You have three sites and three different OEM feeds. Huawei CSV from Site A. Enphase JSON from Site B. Solarman exports from Site C. You already know the pain: incompatible timestamps, inconsistent error codes, and no single query path across the fleet.
This guide is not a concept piece. It is a seven-day implementation sprint. At the end of the week, you should have one normalized output contract, one validation path, and one baseline fault view across all sites.
Day 1: Define the Ingestion Contract
Start by inventorying every data source you actually ingest, not what the vendor documentation claims is available. Document transport type, interval, timezone behavior, and known missing fields.
- List each OEM source and file/API shape.
- Record interval and timestamp conventions.
- Capture current failure modes (missing records, malformed timestamps, null energy fields).
Your output for Day 1 is a simple source manifest that future transforms can reference.
Day 2: Transform One OEM End-to-End
Pick the noisiest or most business-critical feed first. Build the ODSE transform for that single source and keep scope strict: timestamp normalization, energy field mapping, and error classification.
from odse import transform
rows = transform("huawei_export.csv", source="huawei")
print(rows[0])
Do not optimize yet. The objective is one stable transform path from raw payload to ODSE-compliant records.

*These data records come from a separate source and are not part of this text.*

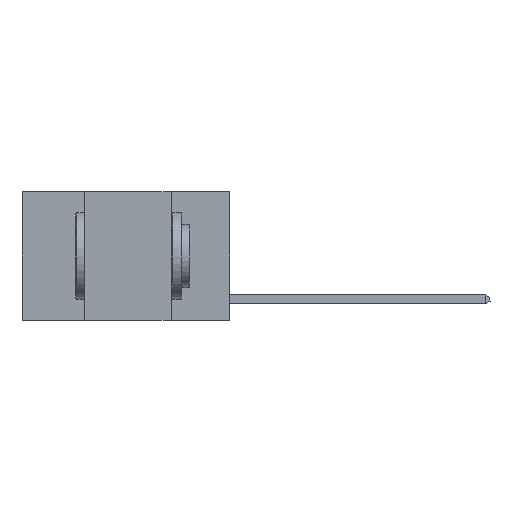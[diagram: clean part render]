
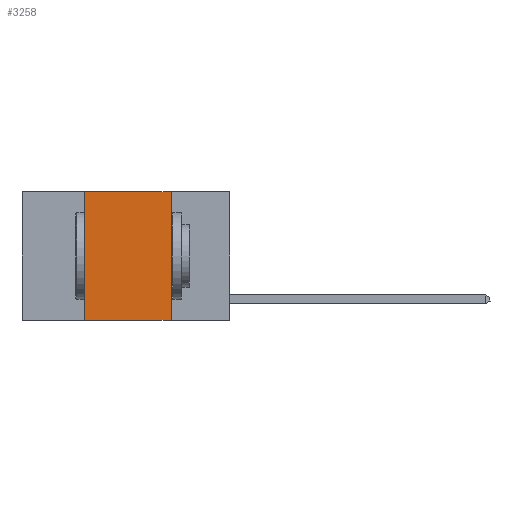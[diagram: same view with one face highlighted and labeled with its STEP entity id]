
A CAD part, left-side view. The second image highlights one B-rep face of the part: STEP entity #3258.
In plain terms, the highlighted planar face has unit normal (-1, 0, 0).
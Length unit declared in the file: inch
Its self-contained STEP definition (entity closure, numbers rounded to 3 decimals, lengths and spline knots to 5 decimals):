
#123 = VECTOR ( 'NONE', #5913, 39.37008 ) ;
#755 = VERTEX_POINT ( 'NONE', #7568 ) ;
#1282 = PLANE ( 'NONE',  #3674 ) ;
#1494 = DIRECTION ( 'NONE',  ( 1., 0., 0. ) ) ;
#2358 = DIRECTION ( 'NONE',  ( 0., 0., -1. ) ) ;
#2910 = EDGE_LOOP ( 'NONE', ( #7187, #12835, #6688, #5397 ) ) ;
#3258 = ADVANCED_FACE ( 'NONE', ( #11006 ), #1282, .F. ) ;
#3502 = EDGE_CURVE ( 'NONE', #8255, #5054, #4173, .T. ) ;
#3674 = AXIS2_PLACEMENT_3D ( 'NONE', #5685, #1494, #2358 ) ;
#3732 = CARTESIAN_POINT ( 'NONE',  ( 0., 0.42, 0. ) ) ;
#4173 = LINE ( 'NONE', #9796, #11423 ) ;
#5054 = VERTEX_POINT ( 'NONE', #3732 ) ;
#5251 = EDGE_CURVE ( 'NONE', #5054, #755, #11838, .T. ) ;
#5397 = ORIENTED_EDGE ( 'NONE', *, *, #10682, .T. ) ;
#5685 = CARTESIAN_POINT ( 'NONE',  ( 0., 0.6, 0. ) ) ;
#5840 = LINE ( 'NONE', #12408, #123 ) ;
#5868 = DIRECTION ( 'NONE',  ( 0., -1., 0. ) ) ;
#5913 = DIRECTION ( 'NONE',  ( 0., 0., -1. ) ) ;
#6688 = ORIENTED_EDGE ( 'NONE', *, *, #3502, .F. ) ;
#7187 = ORIENTED_EDGE ( 'NONE', *, *, #8205, .F. ) ;
#7406 = DIRECTION ( 'NONE',  ( 0., -1., 0. ) ) ;
#7568 = CARTESIAN_POINT ( 'NONE',  ( 0., 0.17, 0. ) ) ;
#8034 = CARTESIAN_POINT ( 'NONE',  ( 0., 0.42, -0.37 ) ) ;
#8205 = EDGE_CURVE ( 'NONE', #755, #11611, #5840, .T. ) ;
#8255 = VERTEX_POINT ( 'NONE', #8034 ) ;
#8853 = VECTOR ( 'NONE', #5868, 39.37008 ) ;
#9463 = VECTOR ( 'NONE', #7406, 39.37008 ) ;
#9796 = CARTESIAN_POINT ( 'NONE',  ( 0., 0.42, 0. ) ) ;
#10129 = LINE ( 'NONE', #13213, #8853 ) ;
#10682 = EDGE_CURVE ( 'NONE', #8255, #11611, #10129, .T. ) ;
#10756 = CARTESIAN_POINT ( 'NONE',  ( 0., 0.17, -0.37 ) ) ;
#11006 = FACE_OUTER_BOUND ( 'NONE', #2910, .T. ) ;
#11423 = VECTOR ( 'NONE', #14011, 39.37008 ) ;
#11611 = VERTEX_POINT ( 'NONE', #10756 ) ;
#11838 = LINE ( 'NONE', #13934, #9463 ) ;
#12408 = CARTESIAN_POINT ( 'NONE',  ( 0., 0.17, 0. ) ) ;
#12835 = ORIENTED_EDGE ( 'NONE', *, *, #5251, .F. ) ;
#13213 = CARTESIAN_POINT ( 'NONE',  ( 0., 0.6, -0.37 ) ) ;
#13934 = CARTESIAN_POINT ( 'NONE',  ( 0., 0.6, 0. ) ) ;
#14011 = DIRECTION ( 'NONE',  ( 0., 0., 1. ) ) ;

Day 3: Add Validation as a Gate, Not a Report
Validation should block bad data before it reaches analytics. If validation runs only as a weekly QA report, you will still make decisions on corrupted inputs.
from odse import validate
result = validate("site_a_odse.json")
print(result.is_valid)
print(result.errors)
Track validation failure classes by frequency. This becomes your remediation backlog.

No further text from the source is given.